Among the entries below, only the lines starting at the one with "## Components (67 placed, 26 different names)" and ending at the one with "1. Knife:1 —", both included, are to be printed exactly.

____ Supplied material

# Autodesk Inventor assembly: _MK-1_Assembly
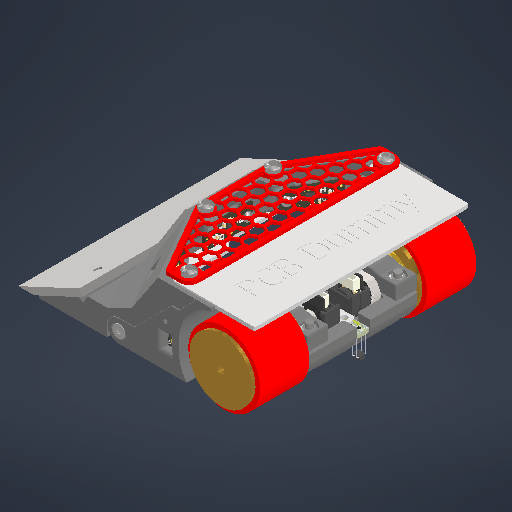
[picture p0: Inventor's stored thumbnail of the model, 512x512]
Saved by Autodesk Inventor 2027 (Build 310192000, 192)
## iProperties
Created: 2026-04-22
Part Number: _MK-1_Assembly
Document SubType Name: Assembly
Designer: Vadim
Author: Vadim
## Documents named in this file (27)
- C:\Users\Vadim\GitHub\NeoSumec\NeoSumec-MiniSumo-MECH\_MK-1_\_MK-1_Assembly.iam
- C:\Users\Vadim\GitHub\NeoSumec\NeoSumec-MiniSumo-MECH\_MK-1_\Models\3D_Print\BodyMotor.ipt
- C:\Users\Vadim\GitHub\NeoSumec\NeoSumec-MiniSumo-MECH\_MK-1_\Models\3D_Print\MotorClamp.ipt
- C:\Users\Vadim\GitHub\NeoSumec\NeoSumec-MiniSumo-MECH\_MK-1_\Models\Metal\pipe.ipt
- C:\Users\Vadim\GitHub\NeoSumec\NeoSumec-MiniSumo-MECH\_MK-1_\Models\Metal\Wheel.ipt
- C:\Users\Vadim\GitHub\NeoSumec\NeoSumec-MiniSumo-MECH\_MK-1_\Models\3rd-party\Pololu Micro Metal Gearmotor 3D (STEP) Models\With Encoder, Side Connector\mmgm-cb-enc-side-con\mmgm-cb-enc-side-con\mmgm-cb-enc-side-con.ipt
- C:\Users\Vadim\GitHub\NeoSumec\NeoSumec-MiniSumo-MECH\_MK-1_\Models\Other technology\silicon bublebum.ipt
- C:\Users\Vadim\GitHub\NeoSumec\NeoSumec-MiniSumo-MECH\_MK-1_\Fasteners\DIN 934 - M3 x 0,5.ipt
- C:\Users\Vadim\GitHub\NeoSumec\NeoSumec-MiniSumo-MECH\_MK-1_\Fasteners\ISO 14580 M3x25-4.8.ipt
- C:\Users\Vadim\GitHub\NeoSumec\NeoSumec-MiniSumo-MECH\_MK-1_\Fasteners\ISO 14581 - M3x16-4.8.ipt
- C:\Users\Vadim\GitHub\NeoSumec\NeoSumec-MiniSumo-MECH\_MK-1_\Fasteners\ISO 14581 - M3x20-4.8.ipt
- C:\Users\Vadim\GitHub\NeoSumec\NeoSumec-MiniSumo-MECH\_MK-1_\Fasteners\DIN 916 - M3  x  6.ipt
- C:\Users\Vadim\GitHub\NeoSumec\NeoSumec-MiniSumo-MECH\_MK-1_\Models\3D_Print\BodyMain.ipt
- C:\Users\Vadim\GitHub\NeoSumec\NeoSumec-MiniSumo-MECH\_MK-1_\Models\3rd-party\pololu-digital-distance-sensor-irs17a\pololu-digital-distance-sensor-irs17a.ipt
- C:\Users\Vadim\GitHub\NeoSumec\NeoSumec-MiniSumo-MECH\_MK-1_\Fasteners\ISO 14583 - M2x5-4.8.ipt
- C:\Users\Vadim\GitHub\NeoSumec\NeoSumec-MiniSumo-MECH\_MK-1_\Fasteners\DIN 562 - M3 x 5,5.ipt
- C:\Users\Vadim\GitHub\NeoSumec\NeoSumec-MiniSumo-MECH\_MK-1_\Fasteners\ISO 14581 - M3x8-4.8.ipt
- C:\Users\Vadim\GitHub\NeoSumec\NeoSumec-MiniSumo-MECH\_MK-1_\Models\PCB\QREBoard_BackSen\QREBoard_BackSen.ipt
- C:\Users\Vadim\GitHub\NeoSumec\NeoSumec-MiniSumo-MECH\_MK-1_\Models\3D_Print\BackSen-TpuPart.ipt
- C:\Users\Vadim\GitHub\NeoSumec\NeoSumec-MiniSumo-MECH\_MK-1_\Models\3D_Print\BodyFront.ipt
- C:\Users\Vadim\GitHub\NeoSumec\NeoSumec-MiniSumo-MECH\_MK-1_\Models\Metal\Knife.ipt
- C:\Users\Vadim\GitHub\NeoSumec\NeoSumec-MiniSumo-MECH\_MK-1_\Fasteners\ISO 14583 - M3x8-4.8.ipt
- C:\Users\Vadim\GitHub\NeoSumec\NeoSumec-MiniSumo-MECH\_MK-1_\Models\PCB\PCBDummy - Main.ipt
- C:\Users\Vadim\GitHub\NeoSumec\NeoSumec-MiniSumo-MECH\_MK-1_\Models\3D_Print\UpperSomething.ipt
- C:\Users\Vadim\GitHub\NeoSumec\NeoSumec-MiniSumo-MECH\_MK-1_\Fasteners\ISO 14583 - M3x4-4.8.ipt
- C:\Users\Vadim\GitHub\NeoSumec\NeoSumec-MiniSumo-MECH\_MK-1_\Models\PCB\PCBDummy - SenRigFront.ipt
- C:\Users\Vadim\GitHub\NeoSumec\NeoSumec-MiniSumo-MECH\_MK-1_\Models\Metal\FrontArmor - Sheet.ipt
## Components (67 placed, 26 different names)
1. Knife:1 — Proti sobě:83, Proti sobě:84, Proti sobě:85
2. BodyFront:1 — Proti sobě:69, Stejný směr:4, Proti sobě:70, Proti sobě:71, Proti sobě:72, Stejný směr:5, Proti sobě:73, Stejný směr:6, Proti sobě:74, Proti sobě:75, Proti sobě:76, Stejný směr:7, Proti sobě:77, Proti sobě:78, Proti sobě:79, Proti sobě:80, Proti sobě:81, Proti sobě:82, Proti sobě:83, Proti sobě:84, Proti sobě:85, Proti sobě:88, Proti sobě:90, Proti sobě:92, Proti sobě:93, Proti sobě:94, Proti sobě:95, Proti sobě:96, Proti sobě:97, Proti sobě:98, Proti sobě:99, Proti sobě:100, Proti sobě:101, Proti sobě:102, Proti sobě:103, Proti sobě:110, Proti sobě:111, Proti sobě:112, Proti sobě:113, Proti sobě:117, Proti sobě:118, Proti sobě:119, Proti sobě:120, Proti sobě:121, Proti sobě:122, Proti sobě:123, Proti sobě:130, Proti sobě:131, Proti sobě:136, Proti sobě:137, Proti sobě:138, Proti sobě:139, Proti sobě:140, Vložit:63, Vložit:64
3. BodyMain:1 — Proti sobě:50, Stejný směr:2, Proti sobě:51, Vložit:53, Proti sobě:52, Vložit:54, Proti sobě:53, Vložit:55, Proti sobě:58, Proti sobě:59, Vložit:56, Proti sobě:60, Vložit:57, Vložit:58, Vložit:59, Vložit:60, Proti sobě:61, Stejný směr:4, Proti sobě:70, Proti sobě:104, Proti sobě:105, Proti sobě:106, Proti sobě:107, Proti sobě:108, Proti sobě:109
4. BodyMotor:1 — Proti sobě:1, Proti sobě:2, Proti sobě:3, Proti sobě:4, Proti sobě:7, Proti sobě:10, Proti sobě:15, Stejný směr:1, Proti sobě:17, Proti sobě:19, Proti sobě:21, Proti sobě:34, Proti sobě:35, Proti sobě:36, Proti sobě:37, Proti sobě:38, Proti sobě:39, Proti sobě:40, Proti sobě:41, Stejný směr:2, Proti sobě:51, Stejný směr:3, Proti sobě:65, Proti sobě:66, Proti sobě:67
5. MotorClamp:1 — Proti sobě:18, Proti sobě:19, Proti sobě:24, Proti sobě:25, Proti sobě:26, Proti sobě:27, Proti sobě:32, Proti sobě:33
6. MotorClamp:2 — Proti sobě:16, Proti sobě:17, Proti sobě:22, Proti sobě:23, Proti sobě:28, Proti sobě:29, Proti sobě:30, Proti sobě:31
7. pipe:1 — Proti sobě:15, Stejný směr:1, Proti sobě:20
8. Wheel:1 — Proti sobě:5, Proti sobě:6, Proti sobě:7, Proti sobě:11, Proti sobě:14, Proti sobě:42, Proti sobě:44
9. Wheel:2 — Proti sobě:8, Proti sobě:9, Proti sobě:10, Proti sobě:12, Proti sobě:13, Proti sobě:45, Proti sobě:46
10. silicon bublebum:1 — Proti sobě:11, Proti sobě:14
11. silicon bublebum:2 — Proti sobě:12, Proti sobě:13
12. UpperSomething:1 — Proti sobě:124, Proti sobě:125, Proti sobě:127, Proti sobě:128, Proti sobě:129, Proti sobě:141
13. mmgm-cb-enc-side-con:1 — Proti sobě:1, Proti sobě:2, Proti sobě:5, Proti sobě:6, Proti sobě:18, Proti sobě:43, Proti sobě:49
14. mmgm-cb-enc-side-con:2 — Proti sobě:3, Proti sobě:4, Proti sobě:8, Proti sobě:9, Proti sobě:16, Proti sobě:47, Proti sobě:48
15. pololu-digital-distance-sensor-irs17a:1 — Vložit:53, Proti sobě:52, Proti sobě:54, Proti sobě:55
16. pololu-digital-distance-sensor-irs17a:2 — Vložit:54, Proti sobě:53, Proti sobě:56, Proti sobě:57
17. pololu-digital-distance-sensor-irs17a:3 — Proti sobě:71, Proti sobě:72, Stejný směr:5, Proti sobě:86, Proti sobě:87
18. pololu-digital-distance-sensor-irs17a:4 — Proti sobě:73, Stejný směr:6, Proti sobě:74, Proti sobě:89
19. pololu-digital-distance-sensor-irs17a:5 — Proti sobě:75, Proti sobě:76, Stejný směr:7, Proti sobě:91
20. QREBoard_BackSen:1 — Stejný směr:3, Vložit:61
21. PCBDummy - Main:1 — Proti sobě:121, Proti sobě:122, Proti sobě:123
22. PCBDummy - SenRigFront:1 — Proti sobě:132, Proti sobě:133, Proti sobě:134, Proti sobě:135, Proti sobě:136
23. BackSen-TpuPart:1 — Proti sobě:66, Proti sobě:67, Vložit:61, Proti sobě:68
24. FrontArmor - Sheet:1 — Vložit:63, Vložit:64, Proti sobě:141
25. DIN 916 - M3  x  6:1 — Proti sobě:42, Proti sobě:43
26. DIN 916 - M3  x  6:2 — Proti sobě:44, Proti sobě:49
27. DIN 916 - M3  x  6:3 — Proti sobě:45, Proti sobě:47
28. DIN 916 - M3  x  6:4 — Proti sobě:46, Proti sobě:48
29. ISO 14581 - M3x16-4.8:1 — Proti sobě:36, Proti sobě:37
30. ISO 14581 - M3x16-4.8:2 — Proti sobě:38, Proti sobě:39
31. ISO 14581 - M3x20-4.8:1 — Proti sobě:34, Proti sobě:35
32. ISO 14581 - M3x20-4.8:2 — Proti sobě:40, Proti sobě:41
33. DIN 934 - M3 x 0,5:1 — Proti sobě:25, Proti sobě:26, Proti sobě:33
34. DIN 934 - M3 x 0,5:2 — Proti sobě:24, Proti sobě:27, Proti sobě:32
35. DIN 934 - M3 x 0,5:3 — Proti sobě:22, Proti sobě:29, Proti sobě:30
36. DIN 934 - M3 x 0,5:4 — Proti sobě:23, Proti sobě:28, Proti sobě:31
37. DIN 934 - M3 x 0,5:5 — Vložit:60, Proti sobě:61
38. DIN 562 - M3 x 5,5:1 — Vložit:55, Proti sobě:58
39. ISO 14580 M3x25-4.8:1 — Proti sobě:20, Proti sobě:21, Proti sobě:50
40. DIN 934 - M3 x 0,5:9 — Proti sobě:104, Proti sobě:105, Proti sobě:106
41. DIN 934 - M3 x 0,5:10 — Proti sobě:107, Proti sobě:108, Proti sobě:109
42. ISO 14583 - M3x8-4.8:1 — Proti sobě:110, Proti sobě:111
43. ISO 14583 - M3x8-4.8:2 — Proti sobě:112, Proti sobě:113
44. ISO 14581 - M3x8-4.8:1 — Vložit:58, Proti sobě:69
45. ISO 14581 - M3x8-4.8:2 — Vložit:59
46. DIN 562 - M3 x 5,5:2 — Proti sobě:59, Vložit:56
47. DIN 562 - M3 x 5,5:3 — Proti sobě:60, Vložit:57
48. ISO 14581 - M3x8-4.8:4 — Proti sobě:102, Proti sobě:103
49. ISO 14581 - M3x8-4.8:5 — Proti sobě:100, Proti sobě:101
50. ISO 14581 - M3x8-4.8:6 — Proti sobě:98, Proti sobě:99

________

- [Response for this exercise]
## Components (67 placed, 26 different names)
1. Knife:1 — Proti sobě:83, Proti sobě:84, Proti sobě:85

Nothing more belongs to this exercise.